Plusieurs pôles d’intervention

Deux décennies plus tard, Mountain Riders a fait son chemin, son équipe a gagné en compétences et son champ d’intervention est désormais élargi à 4 thématiques.

Les animations et projets pédagogiques, d’abord : le but est de sensibiliser les plus jeunes au respect de l’environnement à travers des sorties natures, des ateliers ludiques ou encore des séjours en itinérance. Les Mountain Days – Ramassage de déchets en montagne, ensuite : entre mai et septembre, plusieurs sorties rassemblant des milliers de bénévoles sont organisées partout en France ; à titre d’exemple, 65 ramassages se sont déroulés en 2019 durant lesquels environ 5.000 bénévoles ont récupéré 25 tonnes de déchets ! Troisième thématique, le Label Flocon Vert : grâce à ce label, les destinations touristiques engagées dans une réelle démarche écologique sont valorisées. Les formations, enfin : elles se font au sein d’organismes et centres de formation aux métiers liés à la montagne (moniteurs de ski, pisteurs, skiman, animateurs jeunesse et sport, vendeurs magasin de sport, métiers du tourisme, etc.) Lors de ces sessions, des thèmes variés sont abordés tels que l’écoconception ou encore le développement durable en montagne.

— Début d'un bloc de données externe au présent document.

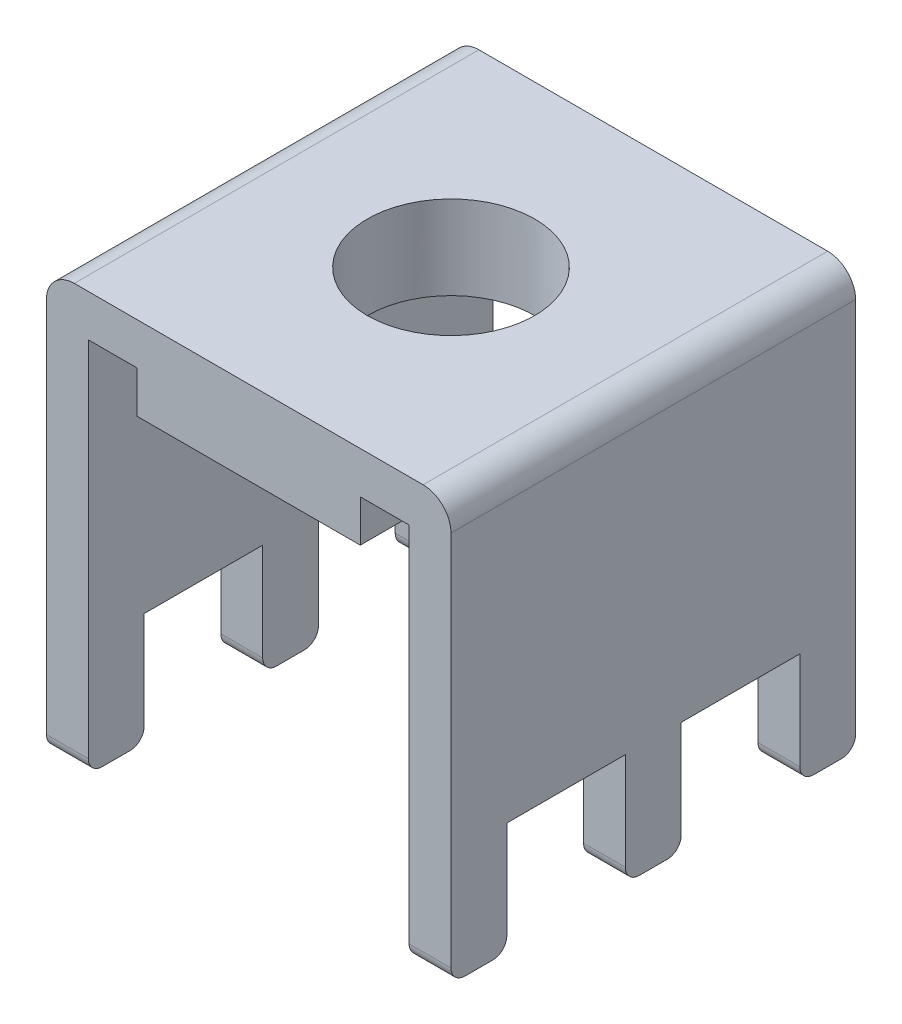
from build123d import *

# Parameters (mm, degrees)
BOSS_EXTRUDE1_DEPTH = 14.5
CUT_EXTRUDE1_REACH  = 27.407
SKETCH2_W           = 4.25
SKETCH2_H           = 4
FILLET1_R           = 0.5
SKETCH3_R           = 3
CUT_EXTRUDE2_DEPTH  = 3


with BuildPart() as part:
    # Sketch1 → Boss-Extrude1 (new body)
    with BuildSketch(Plane.XY):
        with BuildLine():
            Line((0, 0), (-1.5, 0))
            Line((-1.5, 0), (-1.5, 14))
            ThreePointArc((-1.5, 14), (-1.207106781, 14.707106781), (-0.5, 15))
            Line((-0.5, 15), (12, 15))
            ThreePointArc((12, 15), (12.707106781, 14.707106781), (13, 14))
            Line((13, 14), (13, 0))
            Line((13, 0), (11.5, 0))
            Line((11.5, 0), (11.5, 13.5))
            Line((11.5, 13.5), (9.75, 13.5))
            Line((9.75, 13.5), (9.75, 12))
            Line((9.75, 12), (1.75, 12))
            Line((1.75, 12), (1.75, 13.5))
            Line((1.75, 13.5), (0, 13.5))
            Line((0, 13.5), (0, 0))
        make_face()
    extrude(amount=BOSS_EXTRUDE1_DEPTH)

    # Cut-Extrude1: up to this face of the body (flat: up to its plane)
    cut_extrude1_end = Plane(part.part.faces().sort_by_distance((-1.5, 7, 7.25))[0])
    # Sketch2 → Cut-Extrude1 (cut, up to the picked face)
    with BuildSketch(Plane(origin=(13, 0, 0), x_dir=(0, 0, -1), z_dir=(1, 0, 0)), mode=Mode.PRIVATE) as cut_extrude1_sk1:
        with Locations((-10.375, 2)):
            Rectangle(SKETCH2_W, SKETCH2_H)
    cut_extrude1_tool1 = split(extrude(cut_extrude1_sk1.sketch, amount=-CUT_EXTRUDE1_REACH, mode=Mode.PRIVATE), bisect_by=cut_extrude1_end, keep=Keep.BOTH, mode=Mode.PRIVATE)
    # Sketch2 → Cut-Extrude1 (cut, up to the picked face)
    with BuildSketch(Plane(origin=(13, 0, 0), x_dir=(0, 0, -1), z_dir=(1, 0, 0)), mode=Mode.PRIVATE) as cut_extrude1_sk2:
        with Locations((-4.125, 2)):
            Rectangle(SKETCH2_W, SKETCH2_H)
    cut_extrude1_tool2 = split(extrude(cut_extrude1_sk2.sketch, amount=-CUT_EXTRUDE1_REACH, mode=Mode.PRIVATE), bisect_by=cut_extrude1_end, keep=Keep.BOTH, mode=Mode.PRIVATE)
    add(cut_extrude1_tool1.solids().sort_by(Axis((13, 2, 10.375), (-1, 0, 0)))[0], mode=Mode.SUBTRACT)
    add(cut_extrude1_tool2.solids().sort_by(Axis((13, 2, 4.125), (-1, 0, 0)))[0], mode=Mode.SUBTRACT)

    # Fillet1
    fillet1_edges = [part.edges().sort_by_distance(p)[0] for p in [
        (-0.75, 0, 0),
        (12.25, 0, 0),
        (12.25, 0, 14.5),
        (-0.75, 0, 14.5),
        (-0.75, 0, 8.25),
        (12.25, 0, 8.25),
        (-0.75, 0, 12.5),
        (12.25, 0, 12.5),
        (-0.75, 0, 2),
        (12.25, 0, 2),
        (-0.75, 0, 6.25),
        (12.25, 0, 6.25),
    ]]
    fillet(fillet1_edges, radius=FILLET1_R)

    # Sketch3 → Cut-Extrude2 (cut)
    with BuildSketch(Plane(origin=(0, 15, 0), x_dir=(1, 0, 0), z_dir=(0, 1, 0))):
        with Locations(Location((5.75, -7.25, 0), (0, 0, 270))):
            Circle(SKETCH3_R)
    extrude(amount=-CUT_EXTRUDE2_DEPTH, mode=Mode.SUBTRACT)


solid = part.part

L’association accompagne également les événements dans leur transition écologique, à l’image des éditions 2016 à 2018 du High Five Festival. Au-delà de tenir un stand de sensibilisation, Mountain Riders a surtout aidé les organisateurs de ce rassemblement consacré au ski dans la rédaction d’une charte éco-responsable, le but de ce document étant d’engager toutes les parties prenantes dans cette démarche (exposants, visiteurs, partenaires)

© Photo : Mountain Riders

Sports de montagne, les bons gestes à adopter

Ce dernier point nous amène à poser une question à Camille Rey-Gorrez : quels sont les impacts de la pratique sportive en montagne ?

« On a tendance à croire, à tort, que c’est essentiellement le ski alpin qui génère le plus d’émissions de gaz à effet de serre en milieu montagnard » nous répond-elle. En réalité, il s’avère que ce sont les transports qui ont un très fort impact sur l’environnement (60% des émissions de GES dans les stations). Ainsi, une personne habitant à proximité d’une station de ski polluera bien plus via une pratique régulière en solitaire comparé à une famille parisienne qui vient passer une semaine de vacances. Dans ce cas, leur voiture sera chargée et elle ne sera que très peu – voire pas du tout – utilisée une fois sur place.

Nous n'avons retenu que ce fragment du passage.